Fight damages to be settled without legal action
April 4, 1989
Despite the attempts of one NIU official, damages resulting from the March 24 fight between Phi Kappa Sigma and members of the NIU football team will be settled between the groups without legal action.
Larry Bolles, director of the University Judicial Office, said he encouraged members of both groups to file charges through the judicial office, but both parties declined to do so.
“I was not part of the agreement” not to seek further legal action, Bolles said.
Although the parties involved “can and should file a complaint,” Bolles said members of the football team and the fraternity “refused” to file charges as a result of the incident.
“I can’t find anybody that really knows who hit whom,” he said.
After the incident, letters were sent to the fraternity and the football team encouraging the respective groups to file charges and to emphasize the seriousness of the situation, Bolles said.
“These things are serious, people are going to Kish (Kishwaukee Community Hospital),” he said.
“I don’t know who is guilty,” Bolles said, but “this is the final warning about fighting on Greek Row.”
Head football coach Jerry Pettibone said the players involved were disciplined through the team for their involvement and will pay for a portion of the damages. Pettibone declined to explain the nature of the discipline or the players involved.
However, Pettibone said Greek Row was placed “off-limits” for the rest of the semester to players not involved in a fraternity. Players that are fraternity members can participate only in activities that do not involve other fraternities, he said.
Mike Linehan, the fraternity’s president, said it was “much easier” not to file charges.
Confusion of who hit whom and the “hastle with the courts” deterred both parties from filing charges, he said.
Dan Olson, fraternity house father and a Biology faculty assistant, said the football players are expected to pay 50 percent of the repair cost. Olson said the fraternity received three different estimates with a repair cost of “roughly $250.”

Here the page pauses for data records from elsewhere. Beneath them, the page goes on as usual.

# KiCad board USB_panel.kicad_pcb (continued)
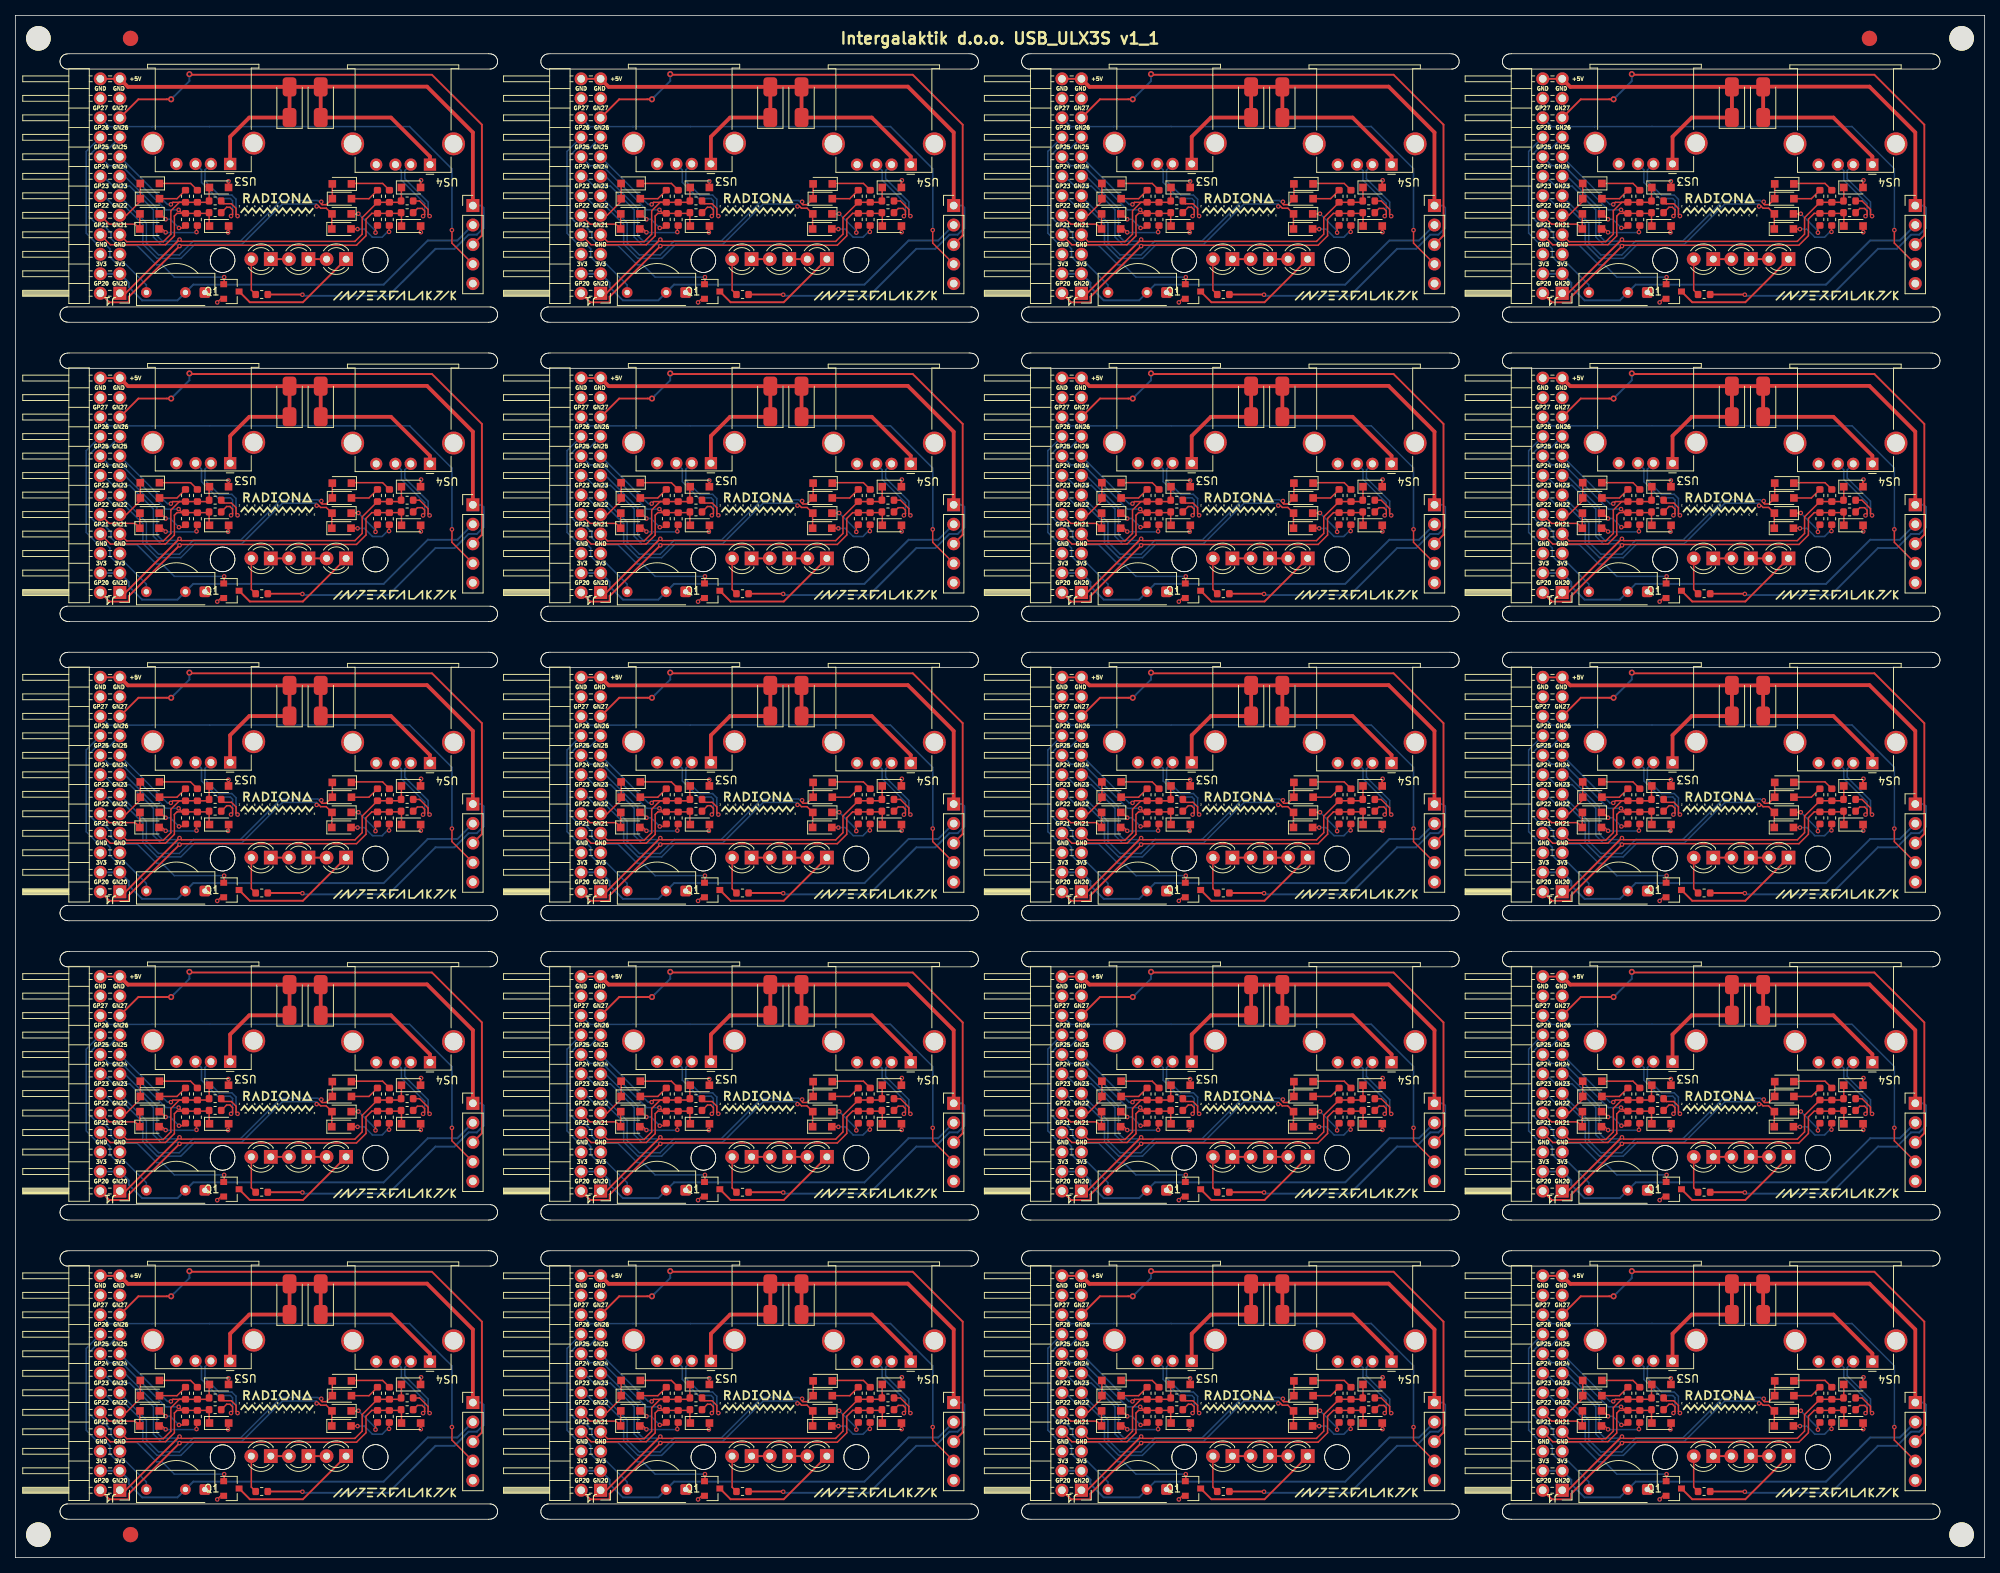
[diagram p0: board, top side]
## Routing (per net, layer and track width the routed paths; a pad name or vN(x,y) marks a point on that pad's centre or on a via; arc(x,y) is an arc through that point) (continued)
Board_19-/FPD2-: length 12.4
  Top w0.2: R11#15.2 240.47,20.81 241.58,19.7 241.58,19.03 v1(241.78,18.83) ; 238.62,25.73 239.07,26.18
  Bottom w0.2: v1(241.78,18.83) 241.58,19.03 241.58,20.67 238.55,23.7 238.55,24.77 US4#17.2
Board_19-GN26: length 35.1
  Top w0.2: v1(215.02,10.88) 215.02,10.02 Q1#9.1
  Bottom w0.2: J1#16.17 200.04,27.71 198.42,27.71 197.46,26.75 197.46,18.75 198.66,17.55 199.4,17.55 200.28,16.66 200.28,15.92 201.2,15.01 203.68,15.01 206.2,12.49 206.92,12.49 208.53,10.88 v1(215.02,10.88)
Board_19-GN27: length 68.9
  Top w0.25: v2(208.12,34.05) 203.85,34.05 201.43,31.64 ; J2#4.3 248.58,16.3 248.58,30.74 242.08,37.25 210.58,37.25 v2(210.5,37.33)
  Bottom w0.25: v2(208.12,34.05) 210.5,36.43 v2(210.5,37.33)
Board_19-GND: length 4.8
  Top w0.2: D7.2 215.59,23.35 v1(215.58,23.37) ; Q1#9.2 214.59,8.06 v1(214.12,7.59) ; D5#20.2 215.61,16.79 v1(215.53,16.71)
  Top w0.25: v1(240.63,16.74) 240.61,16.76 D12#6.2 ; v1(240.66,23.5) 240.59,23.44 D14#20.2
  Bottom w0.5: 231.5,28.89 231.86,28.89
Board_19-GP26: length 25.5
  Bottom w0.2: U1#16.3 204.89,9.87 202.15,12.61 201.06,12.61 200.14,13.53 200.14,14.57 199.56,15.15 198.52,15.15 197.06,16.61 197.06,27.26 J1#16.18
Board_19-GP27: length 62.1
  Top w0.2: J2#4.4 244.68,15.32 v1(244.68,17.01)
  Bottom w0.2: 198.89,31.64 200.04,30.49 205.64,30.49 205.65,30.5 239.17,30.5 244.68,24.99 v1(244.68,17.01)
Board_19-Net-(D1-K): length 4.3
  Top w0.2: D1#7.1 206.7,19.12 v1(207.4,18.42) ; R1#13.1 209.66,17.29 v1(209.13,17.29)
  Bottom w0.2: v1(207.4,18.42) 208,18.42 v1(209.13,17.29)
Board_19-Net-(D2-A): length 6
  Top w0.2: v1(211.42,16.75) 211.42,17.49 R2#12.1 ; D2#15.2 206.96,17.16 v1(207.4,16.72)
  Bottom w0.2: v1(211.42,16.75) 211.36,16.69 207.43,16.69 v1(207.4,16.72)
Board_19-Net-(D3-K): length 5.3
  Top w0.2: R3#4.2 210.65,23.09 D3#17.1
Board_19-Net-(D4-A): length 3.8
  Top w0.2: R4#13.1 208.88,21.1 D4#7.2
Board_19-Net-(D8-K): length 5.4
  Top w0.2: v1(234.73,16.68) 234.73,17.36 R7#8.1 ; v1(232.5,19.14) 232.48,19.12 D8#3.1
  Bottom w0.2: v1(232.5,19.14) 234.73,16.91 v1(234.73,16.68)
Board_19-Net-(D9-A): length 6.5
  Top w0.2: D9#15.2 232.37,17.16 v1(232.39,17.14) ; R8#3.1 236.49,17.56 v1(236.49,16.78)
  Bottom w0.2: v1(232.39,17.14) 233.28,17.14 234.34,16.08 235.59,16.08 236.29,16.78 v1(236.49,16.78)
Board_19-Net-(D10-K): length 5.3
  Top w0.2: R9#12.2 235.66,23.09 231.6,23.09
Board_19-Net-(D11-A): length 3.8
  Top w0.2: D11#3.2 233.88,21.1 R10#20.1
Board_19-Net-(D15-A): length 4.8
  Top w0.2: R13.2 218.56,9.19 D15#4.2
Board_19-Net-(D15-K): length 2.4
  Top w0.25: D15#4.1 D16#19.2
Board_19-Net-(D16-K): length 2.4
  Top w0.25: D16#19.1 D17#8.2
Board_19-Net-(D17-K): length 16.8
  Top w0.25: D17#8.1 225.28,7.61 218.36,7.61 Q1#9.3
Board_19-USB1_FPGA_D+: length 33.9
  Top w0.2: R1#13.2 209.55,19.19 v1(209.09,19.65) ; R1#13.2 208.88,19.19 208.53,18.84 208.53,16.25 207.38,15.1 200.19,15.1 J1#16.8 ; R1#13.2 212.97,19.19 R6#9.1 213.06,17.59 D5#20.1
  Bottom w0.2: v1(209.09,19.65) 207.43,19.65 201.67,25.41 200.04,25.41 J1#16.16
Board_19-USB1_FPGA_D-: length 29
  Top w0.2: R4#13.2 209.19,20.63 208.09,19.53 208.09,16.48 207.1,15.5 202.33,15.5 J1#16.7 ; R4#13.2 208.35,20.63 v1(208.08,20.36) ; R4#13.2 211.53,20.63 R3#4.1 212.88,20.63 R5#17.1 213.06,22.53 D7.1
  Bottom w0.2: J1#16.15 207.63,20.36 v1(208.08,20.36)
Board_19-USB1_FPGA_PULL_D+: length 7.9
  Top w0.2: J1#16.10 200.04,17.79 203.41,17.79 D2#15.1 204.04,19.1 D1#7.2
Board_19-USB1_FPGA_PULL_D-: length 5.8
  Top w0.2: J1#16.9 202.29,18.94 204.1,20.75 D4#7.1 D3#17.2
Board_19-USB2_FPGA_D+: length 64.1
  Top w0.2: v1(209.21,14.92) 209.33,15.04 232.26,15.04 233.49,16.28 233.49,18.43 234.25,19.19 R7#8.2 237.97,19.19 R12#7.1 238.11,19.23 D12#6.1
  Top w0.25: v1(209.21,14.92) 202.61,8.32 202.61,7.6 200.07,7.6 J1#16.2
  Bottom w0.2: v1(209.21,14.92) 209.01,15.12 206.79,15.12 205.81,16.11 205.81,19.66 202.72,22.74 200.56,22.74 199.73,23.57 199.34,23.57 J1#16.14
Board_19-USB2_FPGA_D-: length 58.3
  Top w0.2: D14#20.1 238.09,20.84 R11#15.1 237.89,20.63 R10#20.2 232.99,18.64 232.99,16.48 232.05,15.54 209.44,15.54 v1(209.21,15.78)
  Top w0.25: v1(209.21,15.78) 209.18,15.78 202.18,8.78 J1#16.1
  Bottom w0.2: J1#16.13 202.08,24.02 206.25,19.84 206.25,16.29 206.97,15.58 209.01,15.58 v1(209.21,15.78)
Board_19-USB2_FPGA_PULL_D+: length 40.7
  Top w0.2: D9#15.1 229.04,19.1 D8#3.2 228.32,19.86 227.59,19.86 227.35,20.1 v1(227.07,20.1)
  Bottom w0.2: 198.89,21.48 199.33,21.48 200.6,20.21 201.98,20.21 204.44,17.75 204.44,15.18 206.29,13.33 209.37,13.33 211.2,15.16 217.34,15.16 222.6,20.41 227.04,20.41 227.07,20.38 v1(227.07,20.1)
Board_19-USB2_FPGA_PULL_D-: length 38.1
  Top w0.2: v1(227.67,20.7) 227.67,20.42 227.77,20.32 228.32,20.32 D11#3.1 229.1,23.09
  Bottom w0.2: 201.43,21.48 201.43,21.4 204.88,17.95 204.88,15.36 206.47,13.78 209.19,13.78 211.02,15.6 217.16,15.6 222.42,20.87 227.22,20.87 227.39,20.7 v1(227.67,20.7)

## Copper pours and planes (outline as drawn; the poured copper is in the pictures)
(no net) on Top: 0,200.93 0,0.01 0.01,0 256.43,0 256.44,0.01 256.44,200.93 256.43,200.94 0.01,200.94 ; 20 cut-outs
(no net) on Bottom: 0,200.93 0,0.01 0.01,0 256.43,0 256.44,0.01 256.44,200.93 256.43,200.94 0.01,200.94 ; 20 cut-outs
Board_0-GND on In1.Cu: 6.99,193.93 61.62,193.93 61.62,162.95 6.99,162.95
Board_0-GND on In2.Cu: 7.02,193.93 61.62,193.93 61.62,162.95 7.02,162.95
Board_1-GND on In1.Cu: 69.6,193.93 124.23,193.93 124.23,162.95 69.6,162.95
Board_1-GND on In2.Cu: 69.63,193.93 124.23,193.93 124.23,162.95 69.63,162.95
Board_2-GND on In1.Cu: 132.21,193.93 186.84,193.93 186.84,162.95 132.21,162.95
Board_2-GND on In2.Cu: 132.24,193.93 186.84,193.93 186.84,162.95 132.24,162.95
Board_3-GND on In1.Cu: 194.82,193.93 249.45,193.93 249.45,162.95 194.82,162.95
Board_3-GND on In2.Cu: 194.85,193.93 249.45,193.93 249.45,162.95 194.85,162.95
Board_4-GND on In1.Cu: 6.99,154.94 61.62,154.94 61.62,123.97 6.99,123.97
Board_4-GND on In2.Cu: 7.02,154.94 61.62,154.94 61.62,123.97 7.02,123.97
Board_5-GND on In1.Cu: 69.6,154.94 124.23,154.94 124.23,123.97 69.6,123.97
Board_5-GND on In2.Cu: 69.63,154.94 124.23,154.94 124.23,123.97 69.63,123.97
Board_6-GND on In1.Cu: 132.21,154.94 186.84,154.94 186.84,123.97 132.21,123.97
Board_6-GND on In2.Cu: 132.24,154.94 186.84,154.94 186.84,123.97 132.24,123.97
Board_7-GND on In1.Cu: 194.82,154.94 249.45,154.94 249.45,123.97 194.82,123.97
Board_7-GND on In2.Cu: 194.85,154.94 249.45,154.94 249.45,123.97 194.85,123.97
Board_8-GND on In1.Cu: 6.99,115.95 61.62,115.95 61.62,84.98 6.99,84.98
Board_8-GND on In2.Cu: 7.02,115.95 61.62,115.95 61.62,84.98 7.02,84.98
Board_9-GND on In1.Cu: 69.6,115.95 124.23,115.95 124.23,84.98 69.6,84.98
Board_9-GND on In2.Cu: 69.63,115.95 124.23,115.95 124.23,84.98 69.63,84.98
Board_10-GND on In1.Cu: 132.21,115.95 186.84,115.95 186.84,84.98 132.21,84.98
Board_10-GND on In2.Cu: 132.24,115.95 186.84,115.95 186.84,84.98 132.24,84.98
Board_11-GND on In1.Cu: 194.82,115.95 249.45,115.95 249.45,84.98 194.82,84.98
Board_11-GND on In2.Cu: 194.85,115.95 249.45,115.95 249.45,84.98 194.85,84.98
Board_12-GND on In1.Cu: 6.99,76.97 61.62,76.97 61.62,45.99 6.99,45.99
Board_12-GND on In2.Cu: 7.02,76.97 61.62,76.97 61.62,45.99 7.02,45.99
Board_13-GND on In1.Cu: 69.6,76.97 124.23,76.97 124.23,45.99 69.6,45.99
Board_13-GND on In2.Cu: 69.63,76.97 124.23,76.97 124.23,45.99 69.63,45.99
Board_14-GND on In1.Cu: 132.21,76.97 186.84,76.97 186.84,45.99 132.21,45.99
Board_14-GND on In2.Cu: 132.24,76.97 186.84,76.97 186.84,45.99 132.24,45.99
Board_15-GND on In1.Cu: 194.82,76.97 249.45,76.97 249.45,45.99 194.82,45.99
Board_15-GND on In2.Cu: 194.85,76.97 249.45,76.97 249.45,45.99 194.85,45.99
Board_16-GND on In1.Cu: 6.99,37.98 61.62,37.98 61.62,7 6.99,7
Board_16-GND on In2.Cu: 7.02,37.98 61.62,37.98 61.62,7 7.02,7
Board_17-GND on In1.Cu: 69.6,37.98 124.23,37.98 124.23,7 69.6,7
Board_17-GND on In2.Cu: 69.63,37.98 124.23,37.98 124.23,7 69.63,7
Board_18-GND on In1.Cu: 132.21,37.98 186.84,37.98 186.84,7 132.21,7
Board_18-GND on In2.Cu: 132.24,37.98 186.84,37.98 186.84,7 132.24,7
Board_19-GND on In1.Cu: 194.82,37.98 249.45,37.98 249.45,7 194.82,7
Board_19-GND on In2.Cu: 194.85,37.98 249.45,37.98 249.45,7 194.85,7

## Text on the board
B.Silkscreen: GP27 | GP26 | GP25 | GP24 | GP23 | GP22 | GP21 | GP20 | +5V | GND | 3V3 | GN21 | GN27 | GN26 | GN25 | GN24 | GN23 | GN22 | GN20
User.Comments: V-CUT
F.Silkscreen: GND | GP27 | GP26 | GP25 | GP24 | GP23 | GP22 | GP21 | 3V3 | GP20 | GN27 | GN25 | GN24 | GN23 | GN22 | GN21 | GN20 | GN26 | +5V | Intergalaktik d.o.o. USB_ULX3S v1_1

Linehan said three glass panels on a trophy case were smashed and the house’s front door was damaged in the incident.
Pettibone said a meeting between himself, DeKalb Police Investigator Jim Rhodes, Associate Athletic Director Clarence Hudson, Linehan and Olson provided insight on possible ideas to prevent similiar incidents in the future.
A fall gathering with fraternity members and football players was suggested in the hopes of eliminating the adversarial feeling between football players and Greek Row, Pettibone said.
“We want our guys to be interested in the greek life in college” and the NIU greek students to know that “it’s their team,” he said.
Olson said fraternity members are “very pleased with the professionalism the athletic department” showed in the handling of the incident.